Quantos anos terá? 70? Quem, hoje em dia, sabe quem foi ele? A imprensa de direita se deteriorou tanto, que a gente chega a pensar se o Roda Viva vai fazer a apologia do maior dedo duro da história do País.
Da Agência Carta Maior.
Soledad, a mulher do Cabo Anselmo
Urariano Mota
Em 1970, de volta ao Brasil, Anselmo foi preso pela ditadura militar. Em troca da liberdade, delatou perseguidos políticos ao delegado Sérgio Paranhos Fleury, do Dops. A lista de denuciados incluía sua namorada, Soledad Viedma, que acabou morta devido à tortura. Quem lê "Soledad no Recife" pergunta sempre qual a natureza da minha relação com Soledad Barrett Viedma, a bela guerreira que foi mulher do Cabo Anselmo. Eu sempre respondo que não fomos amantes, que não fomos namorados. Mas que a amo, de um modo apaixonado e definitivo, enquanto vida eu tiver. Então os leitores voltam, até mesmo a editora do livro, da Boitempo: "mas você não a conheceu?". E lhes digo, sim, eu a conheci, depois da sua morte. E explico, ou tento explicar. Quem foi, quem é Soledad Barrett Viedma?
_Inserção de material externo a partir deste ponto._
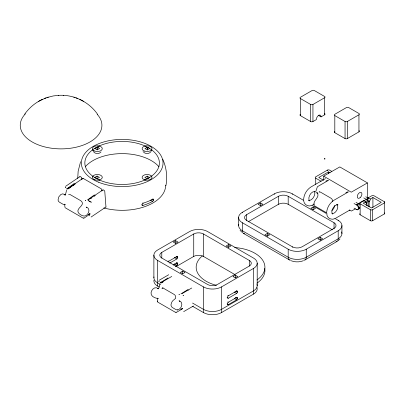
<?xml version="1.0" encoding="UTF-8"?>
<svg xmlns="http://www.w3.org/2000/svg" width="405" height="405" viewBox="0 0 405 405"><rect width="100%" height="100%" fill="white"/><g stroke="black" fill="none" stroke-linecap="round" stroke-linejoin="round"><path stroke-width="0.61" d="M153.885 277.683L153.885 255.226M238.616 225.555L238.616 217.531M257.21 285.667L257.21 263.245M314.113 205.193C312.508 200.505 320.264 197.346 317.343 193.114M341.942 225.555L341.942 233.574M332.591 201.624L332.181 199.407L331.229 198.354L320.406 192.086L319.272 191.919M79.775 176.939C80.074 175.993 81.689 177.365 81.775 178.094M182.149 308.544L182.306 308.742M68.389 188.193L68.177 188.76M326.632 212.448C327.053 207.573 329.812 202.859 333.968 200.247L348.523 191.848M102.779 190.244C103.012 189.231 104.708 190.633 104.779 191.373L105.968 206.975M182.154 308.696L182.285 308.529M165.903 185.779C167.574 176.934 166.495 167.569 162.8 159.362M323.696 176.175L351.272 192.183L367.451 182.893L339.79 166.926L323.787 176.059L323.696 179.947M334.819 205.492L333.725 208.59L331.877 210.514M64.952 207.37L64.653 204.155M66.516 190.117C66.344 191.236 65.494 195.271 65.028 194.775L64.562 194.876L65.519 195.023L62.846 193.828L60.871 194.461L58.765 196.946L58.047 199.974L58.452 201.331L59.403 202.161L63.342 204.444L65.534 204.368M161.833 282.371C161.6 283.014 161.868 282.214 161.777 282.462M89.206 215.759L89.495 215.121M160.071 283.844L158.811 288.087L157.525 288.699L158.264 288.735L157.783 288.664M315.733 191.692L317.409 186.715L328.602 180.255M161.681 282.761L161.934 282.194M80.595 161.696L78.15 171.224L77.74 178.418M89.885 214.022L89.672 213.754L89.733 214.053M157.272 301.497L157.454 301.102L157.454 301.684L157.246 298.196M366.201 199.619L366.328 199.336M105.938 207.016L91.11 217.034M157.302 301.244L157.302 301.553M24.644 114.21C28.694 108.55 33.985 103.715 40.186 100.516M82.995 178.347L82.782 178.777M151.121 151.48C149.334 154.224 144.919 154.254 143.066 151.571M339.972 238.95L338.271 240.585M101.002 151.976C98.997 154.31 94.917 154.032 93.256 151.44M147.202 176.15L147.202 178.878L144.97 179.952A37.275 21.521 0 0 1 85.744 167.645A37.275 21.521 0 0 1 130.253 141.952A37.275 21.521 0 0 1 151.566 176.145L149.561 177.511L147.202 176.15L144.843 177.511L147.202 178.878L149.566 177.511M68.268 187.849L74.388 183.344M87.404 199.984L94.39 194.891M67.964 188.943L72.379 185.915M72.743 185.667L75.32 183.9M65.468 186.416L79.881 176.641M88.472 199.7L102.885 189.92M90.533 198.749L91.576 198.045M94.183 196.273L95.226 195.564M66.926 189.196L82.888 178.367M69.123 188.153L70.647 187.12M72.682 185.738L74.206 184.705M89.971 213.653L88.417 214.706L89.232 214.235M83.992 218.163L90.118 214.007M161.828 281.845L167.989 277.946M180.964 293.893L187.991 289.499M149.501 177.552L147.41 178.762M161.524 282.832L163.109 281.905M97.2 147.121L94.836 148.483L97.2 149.845L99.559 148.483L97.2 147.121L97.2 149.845M97.058 176.069L94.699 177.436L97.058 178.797L99.422 177.436L97.058 176.069L97.058 178.797M147.344 147.197L144.98 148.564L147.344 149.926L149.703 148.564L147.344 147.197L147.344 149.926M300.439 98.562L310.686 104.48A1.595 0.921 0 0 0 312.943 104.48L324.577 97.762A1.595 0.921 0 0 0 324.577 96.461L314.331 90.543A1.595 0.921 0 0 0 312.078 90.543L300.439 97.261A1.595 0.921 0 0 0 300.439 98.562L300.439 115.648L310.686 121.561A1.595 0.921 0 0 0 312.943 121.561L316.386 119.571A3.296 1.903 -60 0 1 318.71 115.359A3.296 1.903 -60 0 1 321.038 116.888L324.577 114.843L324.577 97.762M334.808 115.592L345.055 121.51A1.595 0.921 0 0 0 347.308 121.51L358.946 114.792A1.595 0.921 0 0 0 358.946 113.491L348.7 107.573A1.595 0.921 0 0 0 346.442 107.573L334.808 114.291A1.595 0.921 0 0 0 334.808 115.592L334.808 132.678L345.055 138.591A1.595 0.921 0 0 0 347.308 138.591L358.946 131.873A1.595 0.921 0 0 0 359.043 130.633M175.613 240.671L173.249 242.033L175.613 243.395L177.972 242.033L175.613 240.671L175.613 243.395M161.787 252.416L193.737 233.974A6.875 3.969 0 0 1 203.462 233.974L249.303 260.44L249.303 266.055L217.353 284.497A6.875 3.969 0 0 1 207.628 284.497L161.787 258.031A6.875 3.969 0 0 1 161.787 252.416L161.787 258.031M244.554 233.736A5.893 3.402 -60 0 1 242.357 230.764L242.357 222.745A12.768 7.371 0 0 1 242.357 212.321L274.307 193.873A12.768 7.371 0 0 1 292.364 193.873L303.821 200.49M260.481 202.895L258.122 204.262L260.481 205.624L262.845 204.262L260.481 202.895L260.481 205.624M246.523 220.74L246.523 214.726L278.473 196.283A6.875 3.969 0 0 1 288.193 196.283L334.034 222.745L334.034 228.916M168.105 261.838A0.982 0.567 -60 0 1 168.596 261.321L176.929 256.507A0.982 0.567 -60 0 1 177.623 256.912L177.623 257.712A0.982 0.567 -60 0 1 176.929 258.916L169.639 263.123M331.771 171.376L329.609 170.13A1.595 0.921 0 0 0 327.356 170.13L315.723 176.848A1.595 0.921 0 0 0 315.723 178.149L315.723 184.331M330.045 172.788L328.485 171.882L318.76 177.496L323.448 180.205M173.284 265.032L176.929 262.926A0.982 0.567 -60 0 1 177.623 263.326L177.623 264.126A0.982 0.567 -60 0 1 176.929 265.331L175.37 266.232M248.149 221.808L278.473 204.302A6.875 3.969 0 0 1 288.193 204.302L332.399 229.822M325.524 178.57L310.969 186.968C306.55 189.773 303.578 194.972 303.628 200.232M175.871 266.748L193.737 256.431A6.875 3.969 0 0 1 203.462 256.431L235.113 274.701M159.084 280.306L168.733 274.737M160.542 282.928L171.755 276.453M182.695 271.067L180.336 272.428L182.695 273.79L185.055 272.428L182.695 271.067L182.695 273.79M228.536 244.6L226.172 245.962L228.536 247.328L230.896 245.962L228.536 244.6L228.536 247.328M163.028 287.707L161.954 288.325L162.567 288.056L163.539 288.294L174.363 294.562L175.203 295.417L175.714 297.022L175.608 298.363L172.844 300.672L171.877 302.014L171.057 304.282L171.052 305.643L172.1 307.37L176.16 309.714L177.623 309.936M312.675 204.94L314.315 203.993M267.29 233.452L264.931 234.814L267.29 236.181L269.649 234.814L267.29 233.452L267.29 236.181M313.131 206.985L310.767 208.352L313.131 209.714L315.49 208.352L313.131 206.985L313.131 209.714M182.088 293.59L191.732 288.016M366.763 205.689L366.763 203.183A3.296 1.903 -60 0 1 365.675 201.71L363.589 200.505L360.146 202.495A1.595 0.921 0 0 0 360.146 203.796L360.146 214.787L370.393 220.7A1.595 0.921 0 0 0 372.646 220.7L384.284 213.982A1.595 0.921 0 0 0 384.548 212.883M365.386 201.913A3.296 1.903 -60 0 0 368.241 197.822L371.78 195.777A1.595 0.921 0 0 1 374.038 195.777L384.284 201.695A1.595 0.921 0 0 1 384.284 202.996L384.284 213.982M354.056 203.523L356.628 205.011L358.612 203.862A2.364 1.367 60 0 1 359.797 205.112M363.781 197.908L366.353 199.397L368.337 198.248L365.766 196.764M235.34 275.157L232.981 276.519L235.34 277.881L237.705 276.519L235.34 275.157L235.34 277.881M335.679 218.219L349.885 210.013M365.675 201.71L363.184 203.148L371.522 207.957L381.242 202.343L372.909 197.534L370.322 199.027A3.296 1.903 -60 0 1 369.127 201.887L369.127 206.854M182.377 308.428L180.812 309.334L181.273 309.076M176.312 312.412L182.27 308.969M157.621 260.44L203.462 286.902A12.768 7.371 0 0 0 221.52 286.902L253.469 268.459A12.768 7.371 0 0 0 253.469 258.031L207.628 231.569A12.768 7.371 0 0 0 189.57 231.569L157.621 250.012A12.768 7.371 0 0 0 157.621 260.44L157.621 286.102L159.261 287.049M354.056 208.135L356.628 209.618A2.364 1.367 60 0 0 358.303 208.651L358.303 207.907L359.792 207.046M356.628 209.618L357.002 209.4M358.303 208.651L359.792 207.79M183.673 311.622L193.413 305.998M320.213 237.381L317.854 238.748L320.213 240.109L322.572 238.748L320.213 237.381L320.213 240.109M360.146 203.796L370.393 209.714A1.595 0.921 0 0 0 372.646 209.714L384.284 202.996M242.357 222.745L288.193 249.212A12.768 7.371 0 0 0 306.251 249.212L338.2 230.764A12.768 7.371 0 0 0 338.2 220.34L334.93 218.452M228.324 298.212A0.982 0.567 -60 0 1 227.63 297.812L227.63 297.007A0.982 0.567 -60 0 1 228.324 295.807L236.662 290.992A0.982 0.567 -60 0 1 237.355 291.392L237.355 292.197A0.982 0.567 -60 0 1 236.662 293.397L228.324 298.212L227.109 297.508M228.324 304.626A0.982 0.567 -60 0 1 227.63 304.226L227.63 303.426A0.982 0.567 -60 0 1 228.324 302.221L236.662 297.412A0.982 0.567 -60 0 1 237.355 297.812L237.355 298.612A0.982 0.567 -60 0 1 236.662 299.816L228.324 304.626L227.109 303.927M305.031 259.929L336.98 241.481M192.547 306.266L203.462 312.569A12.768 7.371 0 0 0 221.52 312.569L253.469 294.121A12.768 7.371 0 0 0 256.983 287.52M355.393 208.879L351.429 211.045L349.287 210.018M345.86 192.709L347.536 191.818M40.854 100.172L46.048 97.914M325.858 181.162L327.453 180.321M38.536 101.387L42.333 99.392M83.881 217.961L83.339 217.986M68.607 194.522L69.933 194.466L80.934 200.814C86.386 205.456 74.743 208.089 78.757 213.253C81.132 215.845 85.774 217.748 87.794 213.815C89.581 211.618 89.389 207.77 86.179 207.031L86.675 207.598M157.894 288.649L158.335 288.816C155.373 285.768 151.384 289.459 151.055 292.729C150.392 296.207 155.429 298.677 158.33 298.348L158.112 298.283M177.42 309.982C181.561 309.364 184.062 302.125 179.066 300.702L179.719 301.679M176.231 312.169L175.689 312.169M188.811 290.177L188.75 290.142M311.754 205.406C308.549 207.087 304.18 204.814 303.745 201.224M334.758 218.685C331.553 220.366 327.184 218.098 326.744 214.503M47.152 97.534L53.227 95.95L58.69 95.342M44.666 98.395L48.327 97.124M303.239 260.769C299.411 262.248 295.037 262.248 291.205 260.764M319.069 191.975L319.479 191.859M58.431 95.352C73.583 94.304 88.872 101.746 97.519 114.21M357.863 209.37L358.43 209.162L358.81 208.297A3.842 2.217 60 0 0 358.8 207.157L357.681 204.91A1.357 0.785 60 0 0 357.261 204.682L356.754 204.712L367.193 198.946A1.357 0.785 60 0 1 367.613 199.174L368.003 199.589M63.479 95.342L63.737 95.352M67.731 188.067L68.136 188.112M331.943 213.648L331.882 213.653C335.203 214.037 338.696 208.772 337.643 205.122L336.803 204.267L338.018 204.905L337.132 204.712C333.938 205.082 330.338 211.051 332.378 213.896L332.616 214.083M161.296 282.017L161.686 282.098M89.566 201.472L89.859 201.533L88.244 200.521M308.625 200.283L309.516 200.475C312.706 200.105 316.305 194.142 314.27 191.292L314.427 191.449M76.115 97.914L77.502 98.395M73.837 97.124L75.011 97.534M83.04 178.342L101.235 188.801L101.721 189.408L101.883 190.973M66.567 188.193L67.584 188.644M315.029 191.681L314.766 191.535C311.44 191.15 307.947 196.415 309 200.07L309.845 200.926L308.843 200.348M89.141 201.027L88.68 200.586M90.639 201.892L91.322 202.242L89.87 201.406M83.632 101.387L79.831 99.392M317.13 192.907L317.981 193.382L315.981 192.471M321.038 116.888L318.953 115.683A3.296 1.903 -60 0 0 318.932 115.111M368.241 197.822L370.322 199.027M367.527 199.999L369.613 201.199M366.763 203.183L365.745 202.596A3.296 1.903 -60 0 0 368.11 201.3L369.127 201.887M315.723 178.149L321.114 181.263M356.041 202.378L358.612 203.862M314.467 205.806L326.47 212.736M312.007 205.219L327.286 214.037M334.034 222.745A6.875 3.969 0 0 1 334.034 228.359L302.084 246.807A6.875 3.969 0 0 1 292.364 246.807L246.523 220.34A6.875 3.969 0 0 1 246.523 214.726M243.577 233.462L289.418 259.929M152.67 199.032L153.475 199.498A44.494 25.692 60 0 1 153.389 200.252A0.987 0.501 -52.7 0 1 152.584 201.391M151.794 199.331L153.389 200.252M150.412 200.136L152.584 201.391A43.963 25.383 0 0 1 142.919 205.436A0.962 0.613 -37.4 0 1 142.099 204.97L142.201 204.216A1.043 0.678 -38.1 0 1 143.183 203.194A44.322 25.591 0 0 0 152.842 199.133A0.982 0.516 -53.7 0 1 153.47 199.498M142.757 202.935L143.183 203.183M141.689 204.722L142.919 205.436M176.843 256.461L177.623 256.912M236.312 290.795L237.355 291.392M176.064 256.81L177.623 257.712M235.791 291.296L237.355 292.197M174.327 257.413L176.929 258.916M234.318 292.046L236.662 293.397M176.322 262.572L177.623 263.326M236.312 297.209L237.355 297.812M176.064 263.225L177.623 264.126M235.27 297.412L237.355 298.612M174.327 263.827L176.929 265.331M234.318 298.46L236.662 299.816M168.075 261.022L168.596 261.321M227.807 295.503L228.324 295.807M65.281 207.805L83.283 218.199M227.807 301.922L228.324 302.221M161.61 282.943L160.112 282.077L160.734 282.523M160.35 284.467L157.621 282.892A12.768 7.371 0 0 1 153.951 276.919M192.547 303.056L203.462 309.359A12.768 7.371 0 0 0 221.52 309.359L253.469 290.911A12.768 7.371 0 0 0 256.983 284.315M157.601 302.019L175.603 312.412M241.689 232.085L240.079 230.217M65.276 187.307L65.564 187.616L65.357 187.388M158.846 281.192L159.119 281.505L158.917 281.278M144.98 179.967L145.101 180.185A4.723 3.66 89.9 0 0 145.289 180.488M151.566 176.145L151.617 176.423A4.723 3.66 89.9 0 1 151.667 176.848M81.775 178.114L81.906 179.744M384.284 201.695L384.284 202.378M372.909 197.534L372.909 207.497M372.646 209.714L372.646 220.7M370.393 209.714L370.393 220.7M368.11 201.3L368.11 206.266M367.441 182.939L367.441 198.025M358.946 114.792L358.946 131.873M347.308 121.51L347.308 138.591M345.055 121.51L345.055 138.591M338.2 220.34L338.2 220.841M338.2 230.764L338.2 238.783A5.893 3.402 60 0 1 336.003 241.755M328.485 171.882L328.485 173.75M327.356 170.13L327.356 170.814M312.943 104.48L312.943 121.561M310.686 104.48L310.686 121.561M306.251 249.212L306.251 257.231A5.893 3.402 60 0 1 303.871 260.202M292.364 193.873L292.364 194.375M292.364 246.807L292.364 247.308M288.193 196.283L288.193 204.302M288.193 249.212L288.193 257.231A5.893 3.402 -60 0 0 290.577 260.202M278.473 196.283L278.473 204.302M274.307 193.873L274.307 194.375M253.469 268.459L253.469 294.121M242.357 212.321L242.357 212.822M221.52 286.902L221.52 312.569M203.462 233.974L203.462 256.431M203.462 286.902L203.462 312.569M193.737 233.974L193.737 256.431M324.577 113.542A1.595 0.921 0 0 1 324.577 114.843M300.439 115.648A1.595 0.921 0 0 1 300.343 114.402M356.628 205.011A2.364 1.367 60 0 1 358.303 207.907M359.797 208.59A2.364 1.367 60 0 1 359.073 208.661M366.353 199.397A2.364 1.367 60 0 1 367.537 200.642M360.146 214.787A1.595 0.921 0 0 1 359.812 213.769M363.685 201.057A3.296 1.903 -60 0 1 363.589 200.505M334.808 132.678A1.595 0.921 0 0 1 334.712 131.433M97.165 114.271A40.834 23.576 0 0 1 60.679 148.878A40.834 23.576 0 0 1 25.378 113.866M99.19 145.987A4.647 1.19 -40.8 0 1 96.957 148.321M93.317 150.513A4.647 1.19 -40.8 0 1 92.735 149.713M99.306 180.017A4.688 3.64 -89.9 0 1 99.017 180.488M92.689 176.894A4.688 3.64 -89.9 0 1 92.78 176.221M165.665 185.217A43.462 25.095 0 0 1 103.827 207.957M85.293 166.713A41.254 23.819 0 0 1 122.118 153.627A41.254 23.819 0 0 1 158.947 166.713M151.622 149.815A4.688 1.195 41 0 1 151.252 150.655M147.653 148.645A4.688 1.195 41 0 1 146.418 147.526M145.466 146.478A4.688 1.195 41 0 1 145.106 146.013M157.621 286.102A12.768 7.371 0 0 1 153.951 280.128M249.303 260.44A6.875 3.969 0 0 1 249.303 266.055M234.682 247.551A34.379 19.85 0 0 1 262.506 259.939A34.379 19.85 0 0 1 256.942 279.971M216.488 285.368A34.379 19.85 0 0 1 202.343 255.904M264.743 268.414A34.379 19.85 0 0 1 256.942 283.181M341.597 231.878A12.768 7.371 0 0 1 338.2 238.783L306.251 257.231A12.768 7.371 0 0 1 288.193 257.231L242.357 230.764A12.768 7.371 0 0 1 238.768 224.416M324.547 158.735C324.739 160.355 325.407 157.606 324.547 158.735M85.759 200.617L85.455 200.637L85.759 200.617M179.334 294.364L179.035 294.359L179.334 294.364M183.424 295.427L183.126 295.367L183.424 295.427M317.505 193.256L317.161 193.15L317.505 193.256M360.146 197.63A3.296 1.903 -60 0 0 361.275 192.502A3.296 1.903 -60 0 0 357.357 195.873A3.296 1.903 -60 0 0 360.146 197.63M94.623 151.045A4.961 2.865 0 0 0 102.293 148.797A4.961 2.865 0 0 0 95.094 146.089A4.961 2.865 0 0 0 94.623 151.045M94.699 179.779A4.961 2.865 0 0 0 102.298 177.461A4.961 2.865 0 0 0 95.013 174.823A4.961 2.865 0 0 0 94.699 179.779M144.423 151.065A4.961 2.865 0 0 0 152.027 148.751A4.961 2.865 0 0 0 144.752 146.109A4.961 2.865 0 0 0 144.423 151.065M144.489 179.8A4.961 2.865 0 0 0 152.027 177.415A4.961 2.865 0 0 0 144.681 174.839A4.961 2.865 0 0 0 144.489 179.8M98.243 182.088A40.834 23.576 0 0 0 162.815 165.432A40.834 23.576 0 0 0 105.548 141.472A40.834 23.576 0 0 0 98.243 182.088"/></g></svg>

Qual a sua força e drama, que a maioria dos brasileiros desconhece? De modo claro e curto, ela foi a mulher do Cabo Anselmo, que ele entregou a Fleury em 1973. Sem remorso e sem dor, o Cabo Anselmo a entregou grávida para a execução. Com mais cinco militantes contra a ditadura, no que se convencionou chamar "O massacre da granja São Bento". Essa execução coletiva é o ponto. No entanto, por mais eloquente, essa coisa vil não diz tudo. E tudo é, ou quase tudo. Entre os assassinados existem pessoas inimagináveis a qualquer escritor de ficção. Pauline Philipe Reichstul, presa aos chutes como um cão danado, a ponto de se urinar e sangrar em público, teve anos depois o irmão, Henri Philipe, como presidente da Petrobras. Jarbas Pereira Marques, vendedor em uma livraria do Recife, arriscou e entregou a própria vida para não sacrificar a da sua mulher, grávida, com o "bucho pela boca". Apesar de apavorado, por saber que Fleury e Anselmo estavam à sua procura, ele se negou a fugir, para que não fossem em cima da companheira, muito frágil, conforme ele dizia. Que escritor épico seria capaz de espelhar tal grandeza?
(Nota da Redação: O programa Roda Viva, da TV Cultura de São Paulo, entrevista nesta segunda, às 22 horas, o ex-militar José Anselmo dos Santos, o Cabo Anselmo, ex-participante de um motim na Marinha, nos anos 60, que, após um período de exílio em Cuba, voltou para o Brasil, foi preso e delatou perseguidos políticos ao delegado Sérgio Paranhos Fleury, do Dops. A lista de denunciados incluiu sua companheira, Soledad Viedma, que acabou torturada e morta pela ditadura. A TV Cultura escolheu o Cabo Anselmo como entrevistado para marcar a estreia de Mário Sérgio Conti, ex-diretor da Veja e atual diretor de redação da revista Piauí, na condução do programa. A escolha se dá justo no momento em que se discute no Brasil a instalação da Comissão da Verdade, que enfrenta muita resistência de setores que insistem em manter na penumbra fatos ocorridos em um dos períodos mais tenebrosos da história do Brasil.
A íntegra.
PS: Cabo Anselmo é um velho de 69 anos, que fez plástica e tem boa saúde, aparentemente: esperto, falante, raciocínio rápido. Mas fica tergiversando, sorri ao falar do assassinato da Soledad, e não diz nada importante. Entrevista ruim, daquelas em que a aparência (o líder marinheiro de 64, depois guerrilheiro em Cuba, depois dedo duro, depois clandestino em pleno século XXI, falando longamente na tevê pela primeira vez) é mais significativa do que o conteúdo. O novo formato do RV é a volta ao velho e bom formato (a novidade é que, pelo menos na TV Brasil e na Rede Minas, começa à meia-noite), que emociona, pela câmara do alto girando na abertura e pela lembrança de grandes entrevistas, mas o que faz o programa ser bom é a qualidade do entrevistado e dos entrevistadores.